▶ [WHAT THIS TASK INVOLVES]:
Print, exactly as written, the line containing "#96=EDGE_CURVE('E164',#87,#95,#93,.T.);" and every line after it, ending with the final line of the data below.

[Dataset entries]
* * * *

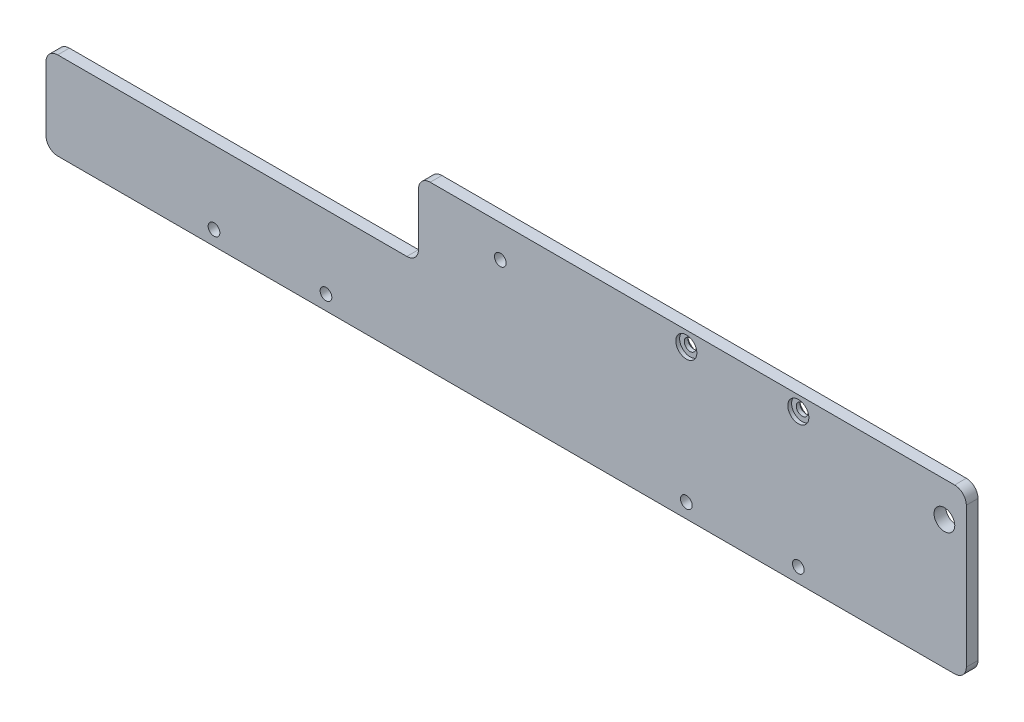
ISO-10303-21;
HEADER;
FILE_DESCRIPTION(('STEP AP214'),'2;1');
FILE_NAME('part.step','',(''),(''),'','','');
FILE_SCHEMA(('AUTOMOTIVE_DESIGN { 1 0 10303 214 1 1 1 1 }'));
ENDSEC;
DATA;
#1=APPLICATION_CONTEXT('core data for automotive mechanical design processes');
#2=APPLICATION_PROTOCOL_DEFINITION('international standard','automotive_design',2000,#1);
#3=PRODUCT_CONTEXT('',#1,'mechanical');
#4=PRODUCT('Part','Part','',(#3));
#5=PRODUCT_RELATED_PRODUCT_CATEGORY('part','',(#4));
#6=PRODUCT_DEFINITION_FORMATION('','',#4);
#7=PRODUCT_DEFINITION_CONTEXT('part definition',#1,'design');
#8=PRODUCT_DEFINITION('design','',#6,#7);
#9=PRODUCT_DEFINITION_SHAPE('','',#8);
#10=(LENGTH_UNIT() NAMED_UNIT(*) SI_UNIT(.MILLI.,.METRE.));
#11=(NAMED_UNIT(*) PLANE_ANGLE_UNIT() SI_UNIT($,.RADIAN.));
#12=(NAMED_UNIT(*) SI_UNIT($,.STERADIAN.) SOLID_ANGLE_UNIT());
#13=UNCERTAINTY_MEASURE_WITH_UNIT(LENGTH_MEASURE(1.E-05),#10,'distance_accuracy_value','');
#14=(GEOMETRIC_REPRESENTATION_CONTEXT(3) GLOBAL_UNCERTAINTY_ASSIGNED_CONTEXT((#13)) GLOBAL_UNIT_ASSIGNED_CONTEXT((#10,
#11,#12)) REPRESENTATION_CONTEXT('',''));
#15=CARTESIAN_POINT('',(0.,0.,0.));
#16=DIRECTION('',(0.,0.,1.));
#17=DIRECTION('',(1.,0.,0.));
#18=AXIS2_PLACEMENT_3D('',#15,#16,#17);
#19=CARTESIAN_POINT('',(34.4759372454945,38.5899107385244,4.));
#20=DIRECTION('',(0.,0.,-1.));
#21=DIRECTION('',(-1.,0.,0.));
#22=AXIS2_PLACEMENT_3D('',#19,#20,#21);
#23=CYLINDRICAL_SURFACE('',#22,1.99999999999999);
#24=CARTESIAN_POINT('',(34.4759372454945,38.5899107385244,1.4));
#25=DIRECTION('',(0.,0.,-1.));
#26=DIRECTION('',(-1.,0.,0.));
#27=AXIS2_PLACEMENT_3D('',#24,#25,#26);
#28=CIRCLE('',#27,1.99999999999999);
#29=CARTESIAN_POINT('',(32.4759372454945,38.5899107385244,1.4));
#30=VERTEX_POINT('',#29);
#31=EDGE_CURVE('E213',#30,#30,#28,.T.);
#32=ORIENTED_EDGE('',*,*,#31,.T.);
#33=EDGE_LOOP('',(#32));
#34=FACE_BOUND('',#33,.T.);
#35=CARTESIAN_POINT('',(34.4759372454945,38.5899107385244,2.7));
#36=DIRECTION('',(0.,0.,1.));
#37=DIRECTION('',(1.,0.,0.));
#38=AXIS2_PLACEMENT_3D('',#35,#36,#37);
#39=CIRCLE('',#38,1.99999999999999);
#40=CARTESIAN_POINT('',(36.4759372454945,38.5899107385244,2.7));
#41=VERTEX_POINT('',#40);
#42=EDGE_CURVE('E41',#41,#41,#39,.T.);
#43=ORIENTED_EDGE('',*,*,#42,.T.);
#44=EDGE_LOOP('',(#43));
#45=FACE_BOUND('',#44,.T.);
#46=ADVANCED_FACE('F37',(#34,#45),#23,.F.);
#47=CARTESIAN_POINT('',(72.8059372454945,38.5899107385243,4.));
#48=DIRECTION('',(0.,0.,-1.));
#49=DIRECTION('',(-1.,0.,0.));
#50=AXIS2_PLACEMENT_3D('',#47,#48,#49);
#51=CYLINDRICAL_SURFACE('',#50,2.);
#52=CARTESIAN_POINT('',(72.8059372454945,38.5899107385243,1.4));
#53=DIRECTION('',(0.,0.,-1.));
#54=DIRECTION('',(-1.,0.,0.));
#55=AXIS2_PLACEMENT_3D('',#52,#53,#54);
#56=CIRCLE('',#55,2.);
#57=CARTESIAN_POINT('',(70.8059372454945,38.5899107385243,1.4));
#58=VERTEX_POINT('',#57);
#59=EDGE_CURVE('E210',#58,#58,#56,.T.);
#60=ORIENTED_EDGE('',*,*,#59,.T.);
#61=EDGE_LOOP('',(#60));
#62=FACE_BOUND('',#61,.T.);
#63=CARTESIAN_POINT('',(72.8059372454945,38.5899107385243,2.7));
#64=DIRECTION('',(0.,0.,1.));
#65=DIRECTION('',(1.,0.,0.));
#66=AXIS2_PLACEMENT_3D('',#63,#64,#65);
#67=CIRCLE('',#66,2.);
#68=CARTESIAN_POINT('',(74.8059372454945,38.5899107385243,2.7));
#69=VERTEX_POINT('',#68);
#70=EDGE_CURVE('E217',#69,#69,#67,.T.);
#71=ORIENTED_EDGE('',*,*,#70,.T.);
#72=EDGE_LOOP('',(#71));
#73=FACE_BOUND('',#72,.T.);
#74=ADVANCED_FACE('F341',(#62,#73),#51,.F.);
#75=CARTESIAN_POINT('',(0.,17.5899107385243,4.));
#76=DIRECTION('',(0.,-1.,0.));
#77=DIRECTION('',(1.,0.,0.));
#78=AXIS2_PLACEMENT_3D('',#75,#76,#77);
#79=PLANE('',#78);
#80=DIRECTION('',(0.,0.,-1.));
#81=VECTOR('',#80,1.);
#82=CARTESIAN_POINT('',(-61.1940627545055,17.5899107385243,4.));
#83=LINE('',#82,#81);
#84=CARTESIAN_POINT('',(-61.1940627545055,17.5899107385243,4.));
#85=VERTEX_POINT('',#84);
#86=CARTESIAN_POINT('',(-61.1940627545055,17.5899107385243,0.));
#87=VERTEX_POINT('',#86);
#88=EDGE_CURVE('E264',#85,#87,#83,.T.);
#89=ORIENTED_EDGE('',*,*,#88,.T.);
#90=DIRECTION('',(-1.,0.,0.));
#91=VECTOR('',#90,1.);
#92=CARTESIAN_POINT('',(0.,17.5899107385243,0.));
#93=LINE('',#92,#91);
#94=CARTESIAN_POINT('',(-180.694062754505,17.5899107385243,0.));
#95=VERTEX_POINT('',#94);
#96=EDGE_CURVE('E164',#87,#95,#93,.T.);
#97=ORIENTED_EDGE('',*,*,#96,.T.);
#98=DIRECTION('',(0.,0.,-1.));
#99=VECTOR('',#98,1.);
#100=CARTESIAN_POINT('',(-180.694062754505,17.5899107385243,4.));
#101=LINE('',#100,#99);
#102=CARTESIAN_POINT('',(-180.694062754505,17.5899107385243,4.));
#103=VERTEX_POINT('',#102);
#104=EDGE_CURVE('E11',#103,#95,#101,.T.);
#105=ORIENTED_EDGE('',*,*,#104,.F.);
#106=DIRECTION('',(-1.,0.,0.));
#107=VECTOR('',#106,1.);
#108=CARTESIAN_POINT('',(0.,17.5899107385243,4.));
#109=LINE('',#108,#107);
#110=EDGE_CURVE('E54',#85,#103,#109,.T.);
#111=ORIENTED_EDGE('',*,*,#110,.F.);
#112=EDGE_LOOP('',(#89,#97,#105,#111));
#113=FACE_BOUND('',#112,.T.);
#114=ADVANCED_FACE('F39',(#113),#79,.F.);
#115=CARTESIAN_POINT('',(-180.694062754505,13.5899107385243,4.));
#116=DIRECTION('',(0.,0.,-1.));
#117=DIRECTION('',(-1.,0.,0.));
#118=AXIS2_PLACEMENT_3D('',#115,#116,#117);
#119=CYLINDRICAL_SURFACE('',#118,4.);
#120=CARTESIAN_POINT('',(-180.694062754505,13.5899107385243,0.));
#121=DIRECTION('',(0.,0.,1.));
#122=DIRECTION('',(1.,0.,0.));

* * * *

▶ [EXPECTED ANSWER]:
#96=EDGE_CURVE('E164',#87,#95,#93,.T.);
#97=ORIENTED_EDGE('',*,*,#96,.T.);
#98=DIRECTION('',(0.,0.,-1.));
#99=VECTOR('',#98,1.);
#100=CARTESIAN_POINT('',(-180.694062754505,17.5899107385243,4.));
#101=LINE('',#100,#99);
#102=CARTESIAN_POINT('',(-180.694062754505,17.5899107385243,4.));
#103=VERTEX_POINT('',#102);
#104=EDGE_CURVE('E11',#103,#95,#101,.T.);
#105=ORIENTED_EDGE('',*,*,#104,.F.);
#106=DIRECTION('',(-1.,0.,0.));
#107=VECTOR('',#106,1.);
#108=CARTESIAN_POINT('',(0.,17.5899107385243,4.));
#109=LINE('',#108,#107);
#110=EDGE_CURVE('E54',#85,#103,#109,.T.);
#111=ORIENTED_EDGE('',*,*,#110,.F.);
#112=EDGE_LOOP('',(#89,#97,#105,#111));
#113=FACE_BOUND('',#112,.T.);
#114=ADVANCED_FACE('F39',(#113),#79,.F.);
#115=CARTESIAN_POINT('',(-180.694062754505,13.5899107385243,4.));
#116=DIRECTION('',(0.,0.,-1.));
#117=DIRECTION('',(-1.,0.,0.));
#118=AXIS2_PLACEMENT_3D('',#115,#116,#117);
#119=CYLINDRICAL_SURFACE('',#118,4.);
#120=CARTESIAN_POINT('',(-180.694062754505,13.5899107385243,0.));
#121=DIRECTION('',(0.,0.,1.));
#122=DIRECTION('',(1.,0.,0.));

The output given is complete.